Dan Ohlmann, miniaturist and founder of the “Miniature and Cinema” museum in Lyon, poses with the restored version of the Alien Queen prop from James Cameron's Aliens

Photo: Philippe Merle/AFP via Getty Images

Part of this quality is due to Cameron’s skill at pushing ideas forward in adventure sequels without stripping them of their effectiveness. (Who else could have transitioned from the murderous T-800 into… The terminator to the reprogrammed cyborg benefactor Terminator 2: Judgment Day?) But there is also a lot of praise due to the Xenomorph form. Even when he’s blown up to kaiju size and given a royal crest that defines his matriarchal role in the most literal sense, his villainy feels personal and unknowable.

The creature continues to reveal new forms Alien 3, Alien resurrectionand in the Alien vs. Predator series. They are all similar applications — in 3we see what happens when a Xenomorph clings to a dog and mimics its form. In Resurrection, we see a human/Xenomorph hybrid. In Alien vs. Predator: Requiemwe get the ‘Predalien’, the awkwardly named mix between Xenomorph and Predator. The creative results are mixed, but the template of the Xenomorph, a monster beyond reason, remains strong. Ebert’s idea of ​​not knowing what to expect plays out throughout the franchise. Its inherent enigma and disturbing evolution allow it to grow no matter what new story twists are thrown at it. The way it changes from film to film is part of a natural process – or at least as natural as Hollywood’s constant demand for sequels allows.

Actor Harry Dean Stanton on the set of 1979's Alien, looks up in fear as the Xenomorph's hand reaches for his head

Photo: Sunset Boulevard/Corbis via Getty Images

The animal beasts in Scott’s sequel, Alien: Covenant, get even closer to the appearance of the original creature. By then, the series had essentially turned the classic Xenomorph into the romantic ideal of a science fiction monstrosity. Almost 40 years after the original Alien, cinematic advancements, and in-universe advancements both led back to that groundbreaking Xenomorph. The special effects have changed considerably: the modeling, the puppetry and the stuntman hidden behind the too long limbs Velociraptor-like articulation of the Xenomorph has been replaced by CGI. The lore of alien mythology has also worsened, thanks to plentiful films, video games, comic books and novels.

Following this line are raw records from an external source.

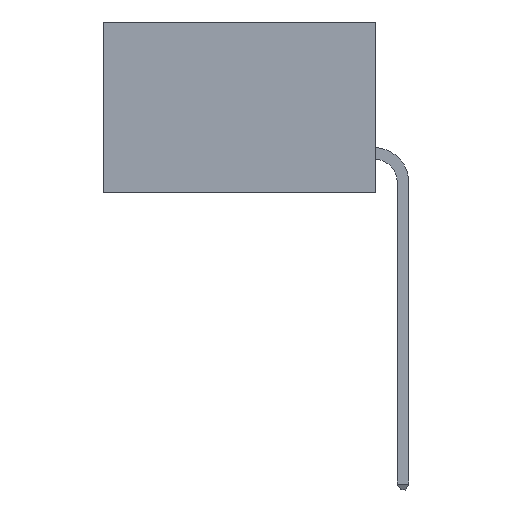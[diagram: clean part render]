
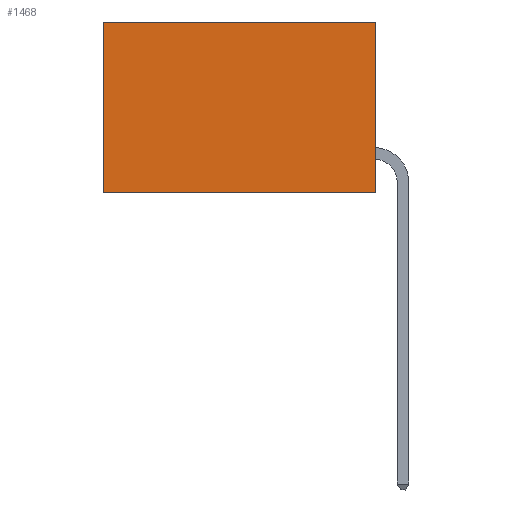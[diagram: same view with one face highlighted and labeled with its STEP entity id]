
A CAD part, left-side view. The second image highlights one B-rep face of the part: STEP entity #1468.
In plain terms, the highlighted planar face has unit normal (-1, 0, 0).
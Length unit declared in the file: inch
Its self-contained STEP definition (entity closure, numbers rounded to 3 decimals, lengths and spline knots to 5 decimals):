
#178 = VECTOR ( 'NONE', #6867, 39.37008 ) ;
#257 = CARTESIAN_POINT ( 'NONE',  ( 0.277, 0., -0.37 ) ) ;
#317 = DIRECTION ( 'NONE',  ( 1., 0., 0. ) ) ;
#362 = VECTOR ( 'NONE', #2806, 39.37008 ) ;
#973 = DIRECTION ( 'NONE',  ( 0., 0., -1. ) ) ;
#1409 = EDGE_CURVE ( 'NONE', #2436, #5299, #7932, .T. ) ;
#1468 = ADVANCED_FACE ( 'NONE', ( #3610 ), #1685, .F. ) ;
#1678 = ORIENTED_EDGE ( 'NONE', *, *, #6596, .F. ) ;
#1685 = PLANE ( 'NONE',  #3623 ) ;
#2209 = LINE ( 'NONE', #5410, #178 ) ;
#2325 = EDGE_CURVE ( 'NONE', #4468, #2436, #4397, .T. ) ;
#2436 = VERTEX_POINT ( 'NONE', #7263 ) ;
#2806 = DIRECTION ( 'NONE',  ( 0., 1., 0. ) ) ;
#3119 = VECTOR ( 'NONE', #4866, 39.37008 ) ;
#3604 = CARTESIAN_POINT ( 'NONE',  ( 0.277, 0., 0. ) ) ;
#3610 = FACE_OUTER_BOUND ( 'NONE', #6384, .T. ) ;
#3623 = AXIS2_PLACEMENT_3D ( 'NONE', #257, #317, #973 ) ;
#4166 = CARTESIAN_POINT ( 'NONE',  ( 0.277, 0., -0.37 ) ) ;
#4397 = LINE ( 'NONE', #5173, #362 ) ;
#4468 = VERTEX_POINT ( 'NONE', #3604 ) ;
#4800 = LINE ( 'NONE', #5899, #7516 ) ;
#4859 = CARTESIAN_POINT ( 'NONE',  ( 0.277, 0.59, -0.37 ) ) ;
#4866 = DIRECTION ( 'NONE',  ( 0., 0., -1. ) ) ;
#5173 = CARTESIAN_POINT ( 'NONE',  ( 0.277, 0., 0. ) ) ;
#5299 = VERTEX_POINT ( 'NONE', #7162 ) ;
#5410 = CARTESIAN_POINT ( 'NONE',  ( 0.277, 0., -0.37 ) ) ;
#5888 = DIRECTION ( 'NONE',  ( 0., 1., 0. ) ) ;
#5899 = CARTESIAN_POINT ( 'NONE',  ( 0.277, 0., -0.37 ) ) ;
#6384 = EDGE_LOOP ( 'NONE', ( #7825, #1678, #6708, #7956 ) ) ;
#6596 = EDGE_CURVE ( 'NONE', #7211, #5299, #4800, .T. ) ;
#6708 = ORIENTED_EDGE ( 'NONE', *, *, #6802, .F. ) ;
#6802 = EDGE_CURVE ( 'NONE', #4468, #7211, #2209, .T. ) ;
#6867 = DIRECTION ( 'NONE',  ( 0., 0., -1. ) ) ;
#7162 = CARTESIAN_POINT ( 'NONE',  ( 0.277, 0.59, -0.37 ) ) ;
#7211 = VERTEX_POINT ( 'NONE', #4166 ) ;
#7263 = CARTESIAN_POINT ( 'NONE',  ( 0.277, 0.59, 0. ) ) ;
#7516 = VECTOR ( 'NONE', #5888, 39.37008 ) ;
#7825 = ORIENTED_EDGE ( 'NONE', *, *, #1409, .T. ) ;
#7932 = LINE ( 'NONE', #4859, #3119 ) ;
#7956 = ORIENTED_EDGE ( 'NONE', *, *, #2325, .T. ) ;

But the core of the allure of the 1979 creature Alien remains. It is a callous, ruthless predator, and what knowledge it has is hidden behind a face completely removed from humanity. Over time, filmmakers have depicted it as fitting into humanity’s past, present, and future, allowing it to adapt and overcome across many time periods. It translates equally into shoot-’em-ups suitable for action films and explorations of birth and death. The first film calls it the “perfect organism,” and the franchise never really contradicts that claim. Both at the moment Ridley Scott And Don’t breathe director Fede Alvarez are planning new entries in the series, but that’s no surprise. To quote Yaphet Kotto Alienwhen you have a science fiction monster like that, “you don’t dare kill it.”